• [EXERCISE AIM] Starting with the first line of the listing, quote each line exactly until and including the one with "end through all", leaving pictures out.
------------------------------------------------------------
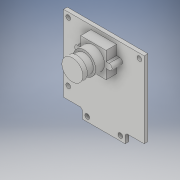
# Autodesk Inventor part: pixy-cam
Saved by Autodesk Inventor 2018 (Build 220112000, 112)
## iProperties
Created: 2017-10-10
Part Number: pixy-cam
Material: Generic
Document SubType Name: Modeling
Designer: leo2a
Density: 1 g/cm^3
Appearance: Default
Author: leo2a
Autodesk Inventor part; units mm, degrees
ref_plane "YZ Plane" through (0, 0, 0) normal (1, 0, 0) x (0, 1, 0)
ref_plane "XZ Plane" through (0, 0, 0) normal (0, 1, 0) x (-1, 0, 0)
ref_plane "XY Plane" through (0, 0, 0) normal (0, 0, 1) x (1, 0, 0)
sketch "Sketch1" plane through (0, 0, 0) normal (0, 0, 1) x (1, 0, 0)
  line L0 (26.924, 25.4) -> (26.924, -25.4)
  line L1 (26.924, -25.4) -> (15.494, -25.4)
  line L2 (14.224, -26.67) -> (14.224, -31.75)
  line L3 (14.224, -31.75) -> (0, -31.75)
  line L4 (26.924, 25.4) -> (0, 25.4)
  line L5 (-26.924, 25.4) -> (-26.924, -25.4)
  line L6 (-26.924, -25.4) -> (-15.494, -25.4)
  line L7 (-14.224, -26.67) -> (-14.224, -31.75)
  line L8 (-14.224, -31.75) -> (0, -31.75)
  line L9 (-26.924, 25.4) -> (0, 25.4)
  line L10 (-15.494, -25.4) -> (-14.224, -26.67)
  line L11 (14.224, -26.67) -> (15.494, -25.4)
  point P0 (0, 0)
  point P1 (14.224, -25.4)
  point P2 (-14.224, -25.4)
  constraints: 24 end point, 4 point on line, 3 perpendicular, 1 horizontal
extrude "Extrusion1" add sketch "Sketch1" along normal blind 2.54
sketch "Sketch2" plane through (0, 0, 2.54) normal (0, 0, 1) x (1, 0, 0)
  point P0 (0, 0)
  point P1 (26.924, 25.4)
  point P2 (-23.749, 22.225)
  point P3 (23.749, 22.225)
  point P4 (-23.749, -17.272)
  point P5 (-11.049, -28.575)
  point P6 (11.049, -28.575)
hole "Hole1" at (-23.749, 22.225, 2.54) at (23.749, 22.225, 2.54) at (-23.749, -17.272, 2.54) at (-11.049, -28.575, 2.54) at (11.049, -28.575, 2.54) direction (0, 0, -1) diameter 3.175 end through all
sketch "Sketch3" plane through (0, 0, 2.54) normal (0, 0, 1) x (1, 0, 0)
  line L0 (26.924, 25.4) -> (-26.924, 25.4) projected
  line L1 (0, 25.4) -> (0, 22.86)
  line L2 (0, 22.86) -> (0, 14.36)
  line L3 (-8.5, 5.86) -> (8.5, 5.86)
  line L4 (8.5, 5.86) -> (8.5, 22.86)
  line L5 (8.5, 22.86) -> (-8.5, 22.86)
  line L6 (-8.5, 22.86) -> (-8.5, 5.86)
  line L7 (-8.5, 5.86) -> (8.5, 22.86) construction
  line L8 (8.5, 5.86) -> (-8.5, 22.86) construction
  point P0 (0, 0)
  dimension "d27" = 2.54
  dimension "d28" = 8.5
  dimension "d29" = 17
  constraints: 16 end point, 3 midpoint, 2 parallel, 2 vertical, 1 horizontal, 1 perpendicular
  measures "d27" distance of L1.start L1.end
  measures "d28" distance of L1.end L2.end
  measures "d29" distance of L3.start L3.end
extrude "Extrusion2" add sketch "Sketch3" along normal blind 7
sketch "Sketch4" plane through (0, 0, 9.54) normal (0, 0, 1) x (1, 0, 0)
  circle A0 centre (0, 14.36) radius 7.5
  circle A1 centre (0, 14.36) radius 6
  point P0 (0, 0)
  dimension "d32" = 15
  dimension "d33" = 12
  constraints: 2 centre point, 1 coincident
  measures "d32" diameter of A0
  measures "d33" diameter of A1
extrude "Extrusion3" add sketch "Sketch4" along normal blind 6
sketch "Sketch5" plane through (0, 14.36, 15.54) normal (0, 0, 1) x (1, 0, 0)
  circle A0 centre (0, 0) radius 6
  point P0 (0, -14.36)
  constraints: 1 centre point
extrude "Extrusion4" add sketch "Sketch5" along normal blind 5
sketch "Sketch6" plane through (0, 14.36, 20.54) normal (0, 0, 1) x (1, 0, 0)
  circle A0 centre (0, 0) radius 7
  point P0 (0, -14.36)
  dimension "d38" = 14
  constraints: 1 centre point
  measures "d38" diameter of A0
extrude "Extrusion5" add sketch "Sketch6" along normal blind 3
sketch "Sketch7" plane through (0, 0, 2.54) normal (0, 0, 1) x (1, 0, 0)
  line L0 (-8.5, 22.86) -> (-8.5, 5.86) projected
  line L1 (-8.5, 14.36) -> (-10.5, 14.36)
  circle A0 centre (-10.5, 14.36) radius 2
  line L2 (-10.5, 16.36) -> (-8.5, 16.36)
  line L3 (-10.5, 12.36) -> (-8.5, 12.36)
  point P0 (0, 0)
  dimension "d41" = 2
  constraints: 6 end point, 3 point on circle, 2 perpendicular, 2 point on line, 1 centre point, 1 coincident, 1 horizontal, 1 midpoint
  measures "d41" distance of L1.start L1.end
extrude "Extrusion6" add sketch "Sketch7" along normal up to surface (7 mm away)
mirror "Mirror1" about plane through (0, 0, 0) normal (1, 0, 0) of "Extrusion6"
body "Solid1"
------------------------------------------------------------
• [WRITTEN REPLY]
# Autodesk Inventor part: pixy-cam
Saved by Autodesk Inventor 2018 (Build 220112000, 112)
## iProperties
Created: 2017-10-10
Part Number: pixy-cam
Material: Generic
Document SubType Name: Modeling
Designer: leo2a
Density: 1 g/cm^3
Appearance: Default
Author: leo2a
Autodesk Inventor part; units mm, degrees
ref_plane "YZ Plane" through (0, 0, 0) normal (1, 0, 0) x (0, 1, 0)
ref_plane "XZ Plane" through (0, 0, 0) normal (0, 1, 0) x (-1, 0, 0)
ref_plane "XY Plane" through (0, 0, 0) normal (0, 0, 1) x (1, 0, 0)
sketch "Sketch1" plane through (0, 0, 0) normal (0, 0, 1) x (1, 0, 0)
  line L0 (26.924, 25.4) -> (26.924, -25.4)
  line L1 (26.924, -25.4) -> (15.494, -25.4)
  line L2 (14.224, -26.67) -> (14.224, -31.75)
  line L3 (14.224, -31.75) -> (0, -31.75)
  line L4 (26.924, 25.4) -> (0, 25.4)
  line L5 (-26.924, 25.4) -> (-26.924, -25.4)
  line L6 (-26.924, -25.4) -> (-15.494, -25.4)
  line L7 (-14.224, -26.67) -> (-14.224, -31.75)
  line L8 (-14.224, -31.75) -> (0, -31.75)
  line L9 (-26.924, 25.4) -> (0, 25.4)
  line L10 (-15.494, -25.4) -> (-14.224, -26.67)
  line L11 (14.224, -26.67) -> (15.494, -25.4)
  point P0 (0, 0)
  point P1 (14.224, -25.4)
  point P2 (-14.224, -25.4)
  constraints: 24 end point, 4 point on line, 3 perpendicular, 1 horizontal
extrude "Extrusion1" add sketch "Sketch1" along normal blind 2.54
sketch "Sketch2" plane through (0, 0, 2.54) normal (0, 0, 1) x (1, 0, 0)
  point P0 (0, 0)
  point P1 (26.924, 25.4)
  point P2 (-23.749, 22.225)
  point P3 (23.749, 22.225)
  point P4 (-23.749, -17.272)
  point P5 (-11.049, -28.575)
  point P6 (11.049, -28.575)
hole "Hole1" at (-23.749, 22.225, 2.54) at (23.749, 22.225, 2.54) at (-23.749, -17.272, 2.54) at (-11.049, -28.575, 2.54) at (11.049, -28.575, 2.54) direction (0, 0, -1) diameter 3.175 end through all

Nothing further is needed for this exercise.